> _Task description_
Which lines in the data below contain the word "robotcorelib"? Copy each of them.

> _Study material_
▬▬▬▬▬▬▬▬▬▬

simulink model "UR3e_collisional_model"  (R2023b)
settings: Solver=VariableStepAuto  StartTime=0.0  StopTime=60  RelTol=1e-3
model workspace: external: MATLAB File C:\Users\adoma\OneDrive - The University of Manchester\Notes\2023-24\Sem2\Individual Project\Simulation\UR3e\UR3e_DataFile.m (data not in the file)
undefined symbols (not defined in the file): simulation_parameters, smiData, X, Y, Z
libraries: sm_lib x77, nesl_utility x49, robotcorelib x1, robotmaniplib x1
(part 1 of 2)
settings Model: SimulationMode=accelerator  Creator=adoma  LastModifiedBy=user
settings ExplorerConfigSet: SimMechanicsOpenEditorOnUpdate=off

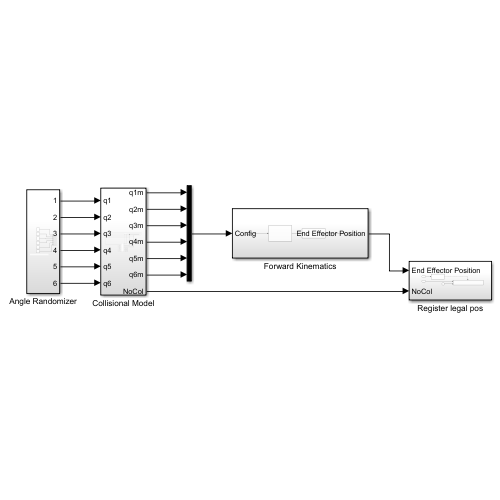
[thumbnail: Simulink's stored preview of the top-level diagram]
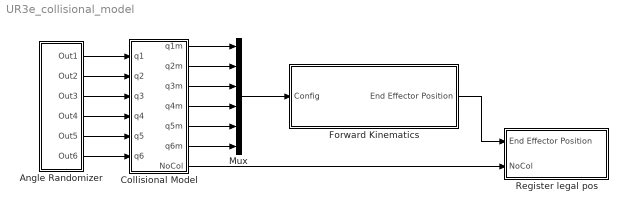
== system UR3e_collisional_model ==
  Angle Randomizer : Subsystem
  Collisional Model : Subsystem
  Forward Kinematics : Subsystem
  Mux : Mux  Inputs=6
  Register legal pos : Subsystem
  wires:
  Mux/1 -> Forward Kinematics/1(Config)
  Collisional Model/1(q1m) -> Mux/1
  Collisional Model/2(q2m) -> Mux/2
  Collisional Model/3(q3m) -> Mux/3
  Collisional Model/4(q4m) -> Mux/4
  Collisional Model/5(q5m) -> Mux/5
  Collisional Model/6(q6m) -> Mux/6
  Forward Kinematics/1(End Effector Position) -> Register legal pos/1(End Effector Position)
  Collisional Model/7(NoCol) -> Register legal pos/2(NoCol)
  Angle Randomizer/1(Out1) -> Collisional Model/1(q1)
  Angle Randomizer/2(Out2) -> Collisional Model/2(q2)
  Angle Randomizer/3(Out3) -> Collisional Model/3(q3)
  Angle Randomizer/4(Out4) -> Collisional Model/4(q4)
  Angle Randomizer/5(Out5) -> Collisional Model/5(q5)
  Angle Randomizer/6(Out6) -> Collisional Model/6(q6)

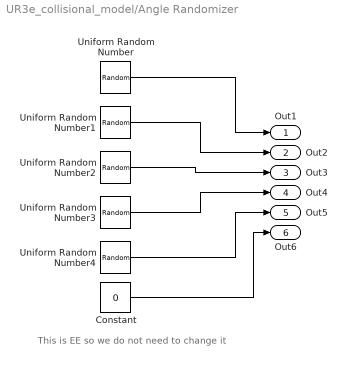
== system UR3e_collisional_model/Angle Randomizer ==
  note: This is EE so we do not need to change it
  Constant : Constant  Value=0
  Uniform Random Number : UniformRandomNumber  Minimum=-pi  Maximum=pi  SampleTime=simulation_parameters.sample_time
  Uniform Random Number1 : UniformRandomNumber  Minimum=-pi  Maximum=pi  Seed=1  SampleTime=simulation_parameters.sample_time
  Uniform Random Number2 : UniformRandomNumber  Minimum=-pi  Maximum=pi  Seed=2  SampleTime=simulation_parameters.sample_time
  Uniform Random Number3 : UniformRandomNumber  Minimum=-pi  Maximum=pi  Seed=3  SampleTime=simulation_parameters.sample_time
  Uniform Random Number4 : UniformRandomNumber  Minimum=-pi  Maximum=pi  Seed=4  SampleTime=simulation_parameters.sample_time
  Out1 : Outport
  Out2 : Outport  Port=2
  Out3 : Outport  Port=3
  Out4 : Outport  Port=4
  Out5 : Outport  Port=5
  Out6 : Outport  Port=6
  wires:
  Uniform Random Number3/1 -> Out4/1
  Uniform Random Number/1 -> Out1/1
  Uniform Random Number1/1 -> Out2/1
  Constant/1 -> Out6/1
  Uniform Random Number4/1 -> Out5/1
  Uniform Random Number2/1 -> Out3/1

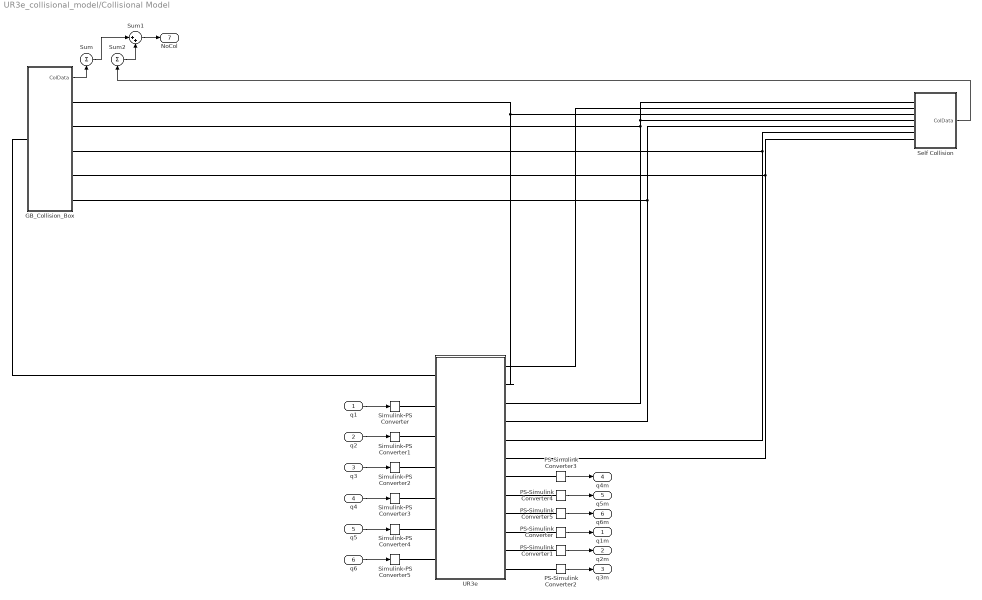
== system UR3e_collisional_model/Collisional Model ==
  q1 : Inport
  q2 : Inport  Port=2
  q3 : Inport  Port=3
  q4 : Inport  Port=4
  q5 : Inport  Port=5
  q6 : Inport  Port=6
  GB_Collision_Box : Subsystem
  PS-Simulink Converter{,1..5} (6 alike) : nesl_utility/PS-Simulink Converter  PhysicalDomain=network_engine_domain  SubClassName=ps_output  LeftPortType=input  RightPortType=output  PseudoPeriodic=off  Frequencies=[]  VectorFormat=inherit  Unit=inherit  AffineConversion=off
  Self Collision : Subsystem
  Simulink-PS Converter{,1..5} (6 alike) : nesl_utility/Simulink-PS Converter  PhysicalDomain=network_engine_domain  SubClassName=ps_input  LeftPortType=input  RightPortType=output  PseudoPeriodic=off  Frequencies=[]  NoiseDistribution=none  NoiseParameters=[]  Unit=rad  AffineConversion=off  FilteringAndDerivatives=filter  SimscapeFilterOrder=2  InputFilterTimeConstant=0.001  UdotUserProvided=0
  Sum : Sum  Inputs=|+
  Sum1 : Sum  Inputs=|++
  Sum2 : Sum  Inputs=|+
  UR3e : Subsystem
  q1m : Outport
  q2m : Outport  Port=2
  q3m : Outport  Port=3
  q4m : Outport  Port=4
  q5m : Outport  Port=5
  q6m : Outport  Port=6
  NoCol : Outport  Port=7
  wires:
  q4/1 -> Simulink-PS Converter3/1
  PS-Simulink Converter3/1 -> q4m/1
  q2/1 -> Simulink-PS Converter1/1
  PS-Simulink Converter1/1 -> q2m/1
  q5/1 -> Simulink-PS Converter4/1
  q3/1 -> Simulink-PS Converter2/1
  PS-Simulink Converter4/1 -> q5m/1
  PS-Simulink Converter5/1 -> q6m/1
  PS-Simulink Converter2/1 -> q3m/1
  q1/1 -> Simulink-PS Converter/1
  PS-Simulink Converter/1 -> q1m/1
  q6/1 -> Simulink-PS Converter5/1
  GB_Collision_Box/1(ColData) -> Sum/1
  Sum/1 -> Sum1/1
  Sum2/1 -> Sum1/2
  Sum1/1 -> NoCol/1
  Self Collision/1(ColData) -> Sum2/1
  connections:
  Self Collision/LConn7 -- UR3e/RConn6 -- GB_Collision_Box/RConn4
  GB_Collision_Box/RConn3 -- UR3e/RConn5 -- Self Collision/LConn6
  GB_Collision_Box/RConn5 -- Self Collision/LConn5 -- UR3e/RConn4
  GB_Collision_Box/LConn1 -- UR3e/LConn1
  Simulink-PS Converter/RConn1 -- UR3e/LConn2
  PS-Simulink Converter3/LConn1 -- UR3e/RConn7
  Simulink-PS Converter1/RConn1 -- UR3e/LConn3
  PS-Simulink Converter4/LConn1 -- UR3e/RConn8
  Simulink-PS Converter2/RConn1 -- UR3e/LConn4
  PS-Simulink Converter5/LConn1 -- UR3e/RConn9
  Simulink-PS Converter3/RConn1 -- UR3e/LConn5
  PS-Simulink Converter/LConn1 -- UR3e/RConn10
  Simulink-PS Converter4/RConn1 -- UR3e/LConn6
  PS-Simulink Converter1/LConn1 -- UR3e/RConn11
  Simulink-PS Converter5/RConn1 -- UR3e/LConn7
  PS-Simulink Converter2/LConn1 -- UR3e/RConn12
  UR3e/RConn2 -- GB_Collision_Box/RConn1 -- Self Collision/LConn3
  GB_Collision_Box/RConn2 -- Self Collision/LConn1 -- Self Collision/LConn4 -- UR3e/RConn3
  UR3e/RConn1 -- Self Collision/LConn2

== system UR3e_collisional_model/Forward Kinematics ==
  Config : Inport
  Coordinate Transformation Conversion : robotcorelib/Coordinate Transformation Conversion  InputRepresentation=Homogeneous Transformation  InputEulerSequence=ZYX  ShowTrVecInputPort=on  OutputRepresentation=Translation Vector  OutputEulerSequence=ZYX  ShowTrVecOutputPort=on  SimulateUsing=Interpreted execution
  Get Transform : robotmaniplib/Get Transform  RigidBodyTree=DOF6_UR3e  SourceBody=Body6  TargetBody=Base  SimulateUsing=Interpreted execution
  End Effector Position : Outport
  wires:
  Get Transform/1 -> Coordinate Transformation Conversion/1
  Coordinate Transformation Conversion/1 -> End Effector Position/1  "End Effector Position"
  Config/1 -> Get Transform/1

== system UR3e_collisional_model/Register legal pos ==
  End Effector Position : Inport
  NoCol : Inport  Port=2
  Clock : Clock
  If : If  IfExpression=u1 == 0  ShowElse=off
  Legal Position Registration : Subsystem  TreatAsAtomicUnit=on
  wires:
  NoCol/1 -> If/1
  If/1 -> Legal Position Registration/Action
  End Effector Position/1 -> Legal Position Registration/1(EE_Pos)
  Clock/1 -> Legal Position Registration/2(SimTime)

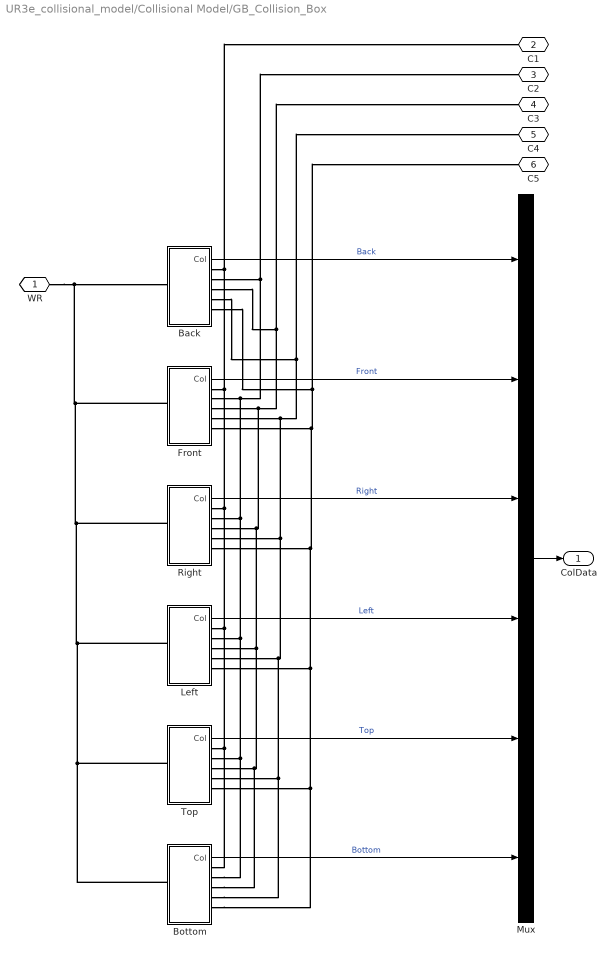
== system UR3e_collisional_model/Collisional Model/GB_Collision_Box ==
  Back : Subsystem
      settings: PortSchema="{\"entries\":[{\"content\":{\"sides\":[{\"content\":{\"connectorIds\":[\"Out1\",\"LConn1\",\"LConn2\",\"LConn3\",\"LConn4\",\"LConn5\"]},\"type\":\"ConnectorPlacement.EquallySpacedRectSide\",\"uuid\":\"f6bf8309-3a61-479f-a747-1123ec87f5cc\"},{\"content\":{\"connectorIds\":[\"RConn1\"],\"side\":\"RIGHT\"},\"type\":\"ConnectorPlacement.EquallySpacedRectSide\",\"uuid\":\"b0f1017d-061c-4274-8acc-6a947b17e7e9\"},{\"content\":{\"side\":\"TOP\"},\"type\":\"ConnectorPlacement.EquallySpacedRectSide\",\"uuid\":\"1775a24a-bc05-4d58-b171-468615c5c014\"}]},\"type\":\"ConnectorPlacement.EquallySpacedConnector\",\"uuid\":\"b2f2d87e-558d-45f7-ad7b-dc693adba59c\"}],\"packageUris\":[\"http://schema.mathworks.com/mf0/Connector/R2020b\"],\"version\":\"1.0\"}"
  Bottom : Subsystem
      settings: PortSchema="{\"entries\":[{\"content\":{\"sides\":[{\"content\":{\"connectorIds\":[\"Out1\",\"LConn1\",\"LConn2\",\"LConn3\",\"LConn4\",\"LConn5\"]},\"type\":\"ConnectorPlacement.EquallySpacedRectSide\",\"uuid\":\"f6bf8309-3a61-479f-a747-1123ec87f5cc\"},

▬▬▬▬▬▬▬▬▬▬

> _Solution for this problem_
libraries: sm_lib x77, nesl_utility x49, robotcorelib x1, robotmaniplib x1
  Coordinate Transformation Conversion : robotcorelib/Coordinate Transformation Conversion  InputRepresentation=Homogeneous Transformation  InputEulerSequence=ZYX  ShowTrVecInputPort=on  OutputRepresentation=Translation Vector  OutputEulerSequence=ZYX  ShowTrVecOutputPort=on  SimulateUsing=Interpreted execution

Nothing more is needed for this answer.